This is an official poll by the statistics company MRB Hellas, asking what the opinion of the Greeks about the recently deceased ex King of Greece Constantine II is. 31.6% of the respondents have a positive / mostly positive opinion. 45.2 % have a negative / mostly negative opinion. 23.2 % haven’t decided / won’t answer.
For context, constitutional monarchy was abolished in Greece with a referendum in 1974, in which 69.2% of the Greeks voted against the return of the then exiled king and 30.8% voted in favour. Constantine remained ín exile for almost another forty years.
While the recent poll of course is not about the re-establishment of constitutional monarchy, it’s nevertheless interesting to make some comparisons. If we make the assumption that the percentage of people that voted in favour of the constitutional monarchy in 1974 also had a mostly positive opinion about the king’s person, then we see a remarkably unchanged portion of the population to retain that positive perception of him, where the elder death losses have been replenished by young supporters (30.8 to 31.6%). But the key here is the percentage of those who aren’t sure / won’t answer. We see a dramatic drop since the clear negative stance in 1974 (69.2 to 45.2 %) and a deficit that migrated to the percentage of those who are uncertain about the former king. In this group, I speculate the most common types of people must be:
those who are too young and not politically inquisitive enough in order to learn more about monarchy in Greece and Constantine’s reign in specific, so they are unsure of what to think
those who have read about him with a clearer judgement, since they are removed from the passions and turbulent times of the 70s and thus don’t have equally strong opinions
those who are very disappointed in the politicians and presidents of the last decades - their incompetence and corruption might have ruined the image of parliamentary republic for some people and therefore not feel as strongly for the referendum of 1974 anymore
those who are inclining towards a positive answer anyway but aren’t willing to state it openly because Constantine is still considered a sensitive topic in Greece up to this point
The reason I am not including a group secretly inclining towards a negative stance in the indecisive percentage is the exact same: the open, standard policy of Greece is to be very much against Constantine and everything he represented. Therefore people who inclined even slightly towards the negative stance would probably profess their opinion more boldly, encouraged by the popularity and acceptance of this stance. With this reasoning, I believe the indecisive inclined towards a negative stance are actually fewer.

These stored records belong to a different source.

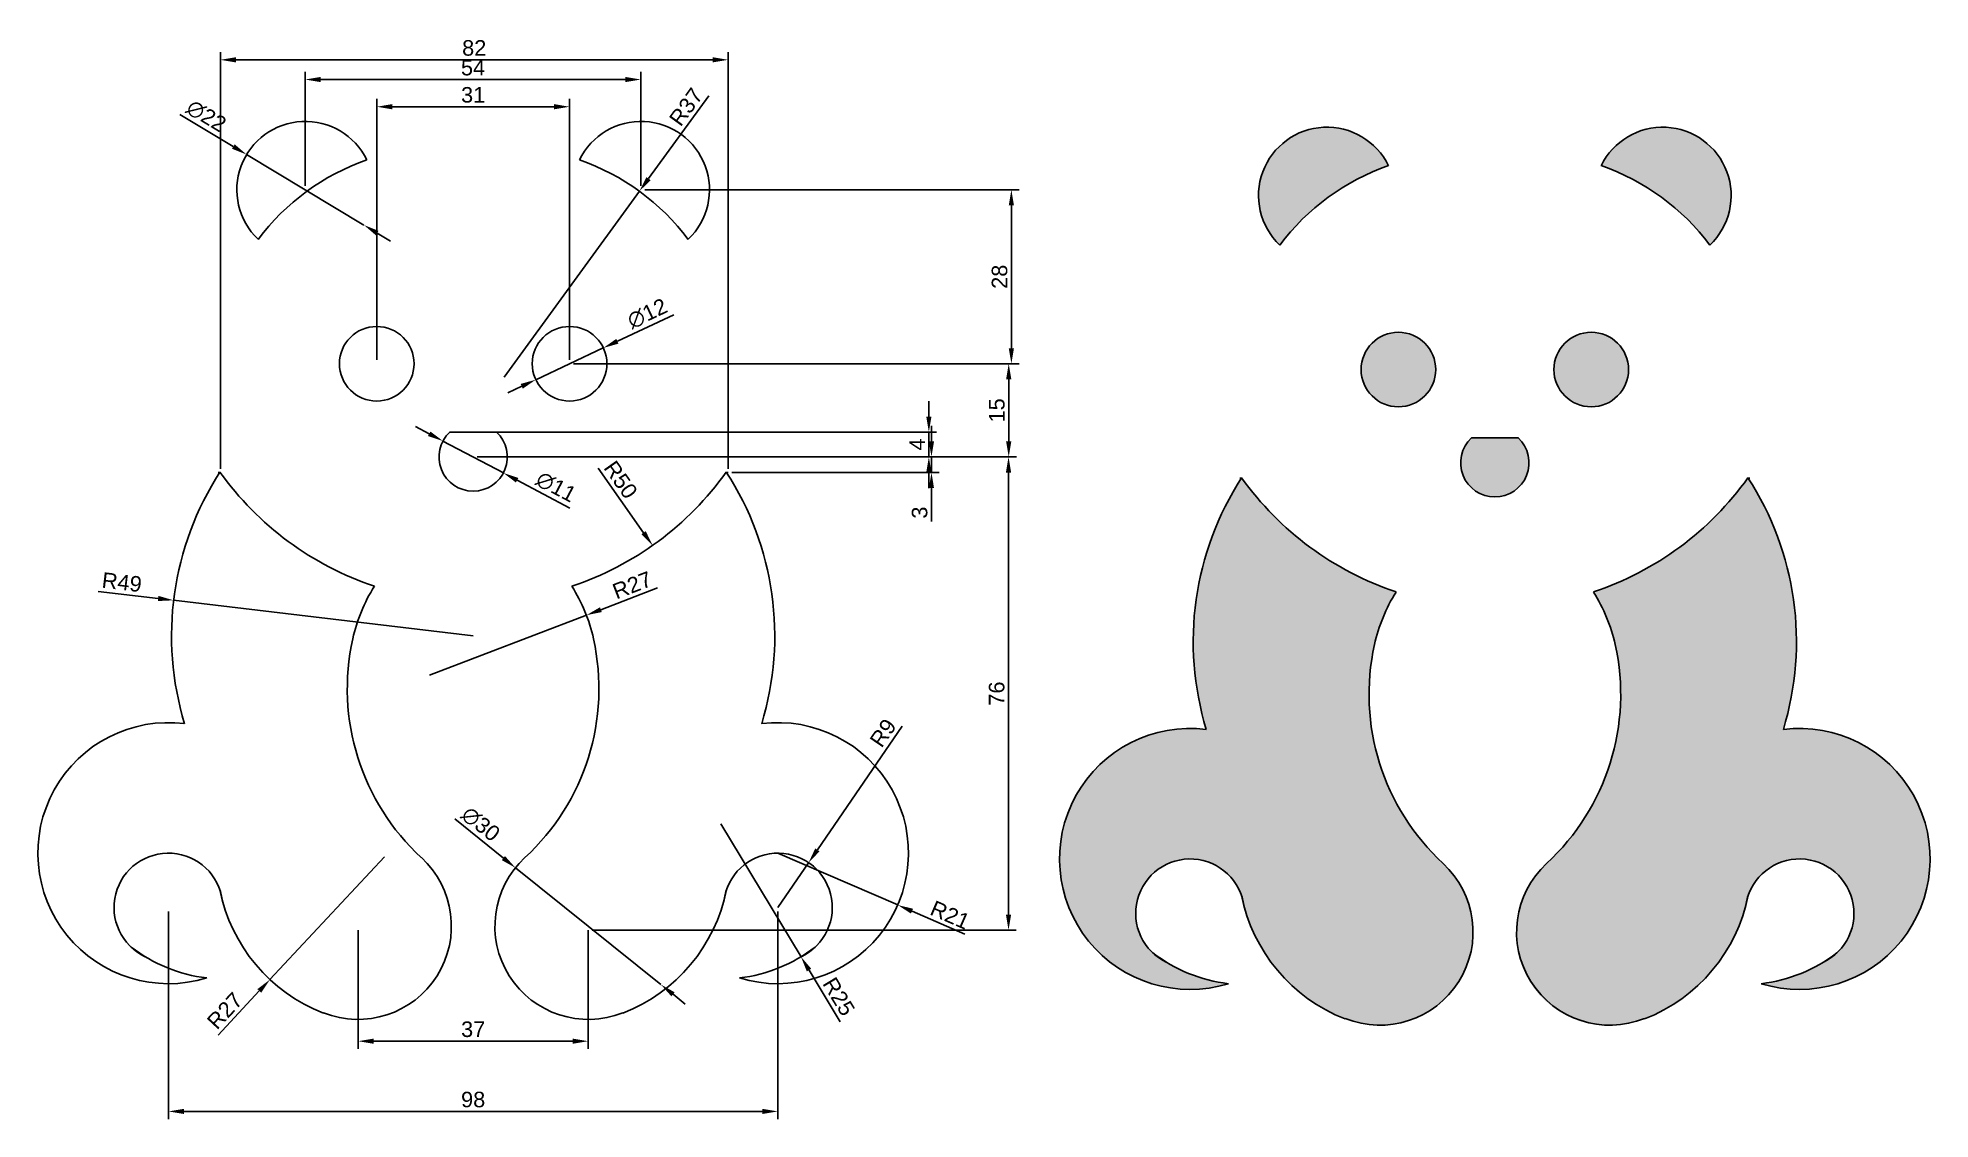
# Model space of a CAD drawing. Header units: millimetres. Extents: x 80 to 384, y 108 to 282.
import ezdxf

# ---------------------------------------------------------------- set-up
doc = ezdxf.new("R2010")
doc.units = ezdxf.units.MM
doc.styles.get("Standard").update_dxf_attribs({"font": 'arial.ttf'})
doc.dimstyles.new('ISO-25', dxfattribs={"dimtxt": 2.5, "dimasz": 2.5, "dimexe": 1.25, "dimexo": 0.625, "dimtad": 1, "dimdec": 0, "dimtxsty": 'Standard', "dimcen": 2.5, "dimclrd": 3, "dimclrt": 2, "dimadec": 0, "dimazin": 0, "dimtfac": 1, "dimtdec": 0, "dimtmove": 0, "dimatfit": 3, "dimfxl": 1, "dimarcsym": 0})

# ---------------------------------------------------------------- blocks, each defined once
blk = doc.blocks.new('*D40')
at = {"color": 3, "lineweight": -2, "transparency": 16777216}
for p, q in [((102.45, 269.67), (111.04, 264.51)), ((132.04, 251.88), (113.18, 263.22)), ((134.18, 250.59), (136.32, 249.3))]:
    blk.add_line(p, q, dxfattribs=at)
at = {"color": 3, "transparency": 16777216}
for points in [[(111.26, 264.86), (110.83, 264.15), (113.18, 263.22)], [(134.39, 250.94), (133.96, 250.23), (132.04, 251.88)]]:
    blk.add_solid(points, dxfattribs=at)
at = {"layer": 'Defpoints', "color": 0, "transparency": 16777216}
for p in [(113.18, 263.22), (132.04, 251.88)]:
    blk.add_point(p, dxfattribs=at)
at = {"color": 2, "transparency": 16777216, "insert": (106.69, 269.42), "char_height": 2.5, "attachment_point": 5, "rotation": 328.9696}
blk.add_mtext('∅22', dxfattribs=at)
blk = doc.blocks.new('*D41')
at = {"color": 3, "lineweight": -2, "transparency": 16777216}
for p, q in [((187.52, 272.68), (177.81, 259.34)), ((154.57, 227.4), (176.34, 257.32))]:
    blk.add_line(p, q, dxfattribs=at)
at = {"color": 3, "transparency": 16777216}
blk.add_solid([(177.48, 259.58), (178.15, 259.09), (176.34, 257.32)], dxfattribs=at)
at = {"layer": 'Defpoints', "color": 0, "transparency": 16777216}
for p in [(176.34, 257.32), (154.57, 227.4)]:
    blk.add_point(p, dxfattribs=at)
at = {"color": 2, "transparency": 16777216, "insert": (183.86, 270.88), "char_height": 2.5, "attachment_point": 5, "rotation": 53.9479}
blk.add_mtext('R37', dxfattribs=at)
blk = doc.blocks.new('*D42')
at = {"color": 3, "lineweight": -2, "transparency": 16777216}
for p, q in [((181.87, 237.44), (172.8, 233.17)), ((159.68, 226.99), (170.54, 232.1)), ((157.42, 225.92), (155.16, 224.86))]:
    blk.add_line(p, q, dxfattribs=at)
at = {"color": 3, "transparency": 16777216}
for points in [[(172.62, 233.55), (172.98, 232.79), (170.54, 232.1)], [(157.24, 226.3), (157.6, 225.55), (159.68, 226.99)]]:
    blk.add_solid(points, dxfattribs=at)
at = {"layer": 'Defpoints', "color": 0, "transparency": 16777216}
for p in [(170.54, 232.1), (159.68, 226.99)]:
    blk.add_point(p, dxfattribs=at)
at = {"color": 2, "transparency": 16777216, "insert": (177.62, 237.62), "char_height": 2.5, "attachment_point": 5, "rotation": 25.228}
blk.add_mtext('∅12', dxfattribs=at)
blk = doc.blocks.new('*D43')
at = {"color": 3, "lineweight": -2, "transparency": 16777216}
for p, q in [((142.54, 218.29), (140.33, 219.45)), ((144.75, 217.12), (154.47, 211.98)), ((165.14, 206.33), (156.68, 210.81))]:
    blk.add_line(p, q, dxfattribs=at)
at = {"color": 3, "transparency": 16777216}
for points in [[(142.73, 218.65), (142.34, 217.92), (144.75, 217.12)], [(156.88, 211.17), (156.49, 210.44), (154.47, 211.98)]]:
    blk.add_solid(points, dxfattribs=at)
at = {"layer": 'Defpoints', "color": 0, "transparency": 16777216}
for p in [(144.75, 217.12), (154.47, 211.98)]:
    blk.add_point(p, dxfattribs=at)
at = {"color": 2, "transparency": 16777216, "insert": (162.94, 209.73), "char_height": 2.5, "attachment_point": 5, "rotation": 332.1321}
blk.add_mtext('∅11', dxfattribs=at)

In any case, it seems that according to this poll, the conviction that two thirds of the population loathe Constantine (and his institution?) and that this percentage can only grow larger as time passes might not represent the people anymore. Of course, we should not forget that this is simply a representative sample, so there is room for statistical error.
This poll is one of many conducted by MRB Hellas during the last days and they have been published as a group. Most newspapers include this poll with all the rest but they keep it towards the end of their article, without making any comment about it. The only exception I noticed was a newspaper that called the result of this poll “surprising”.
Tagging @greek-mythologies and @royaland who might find this interesting.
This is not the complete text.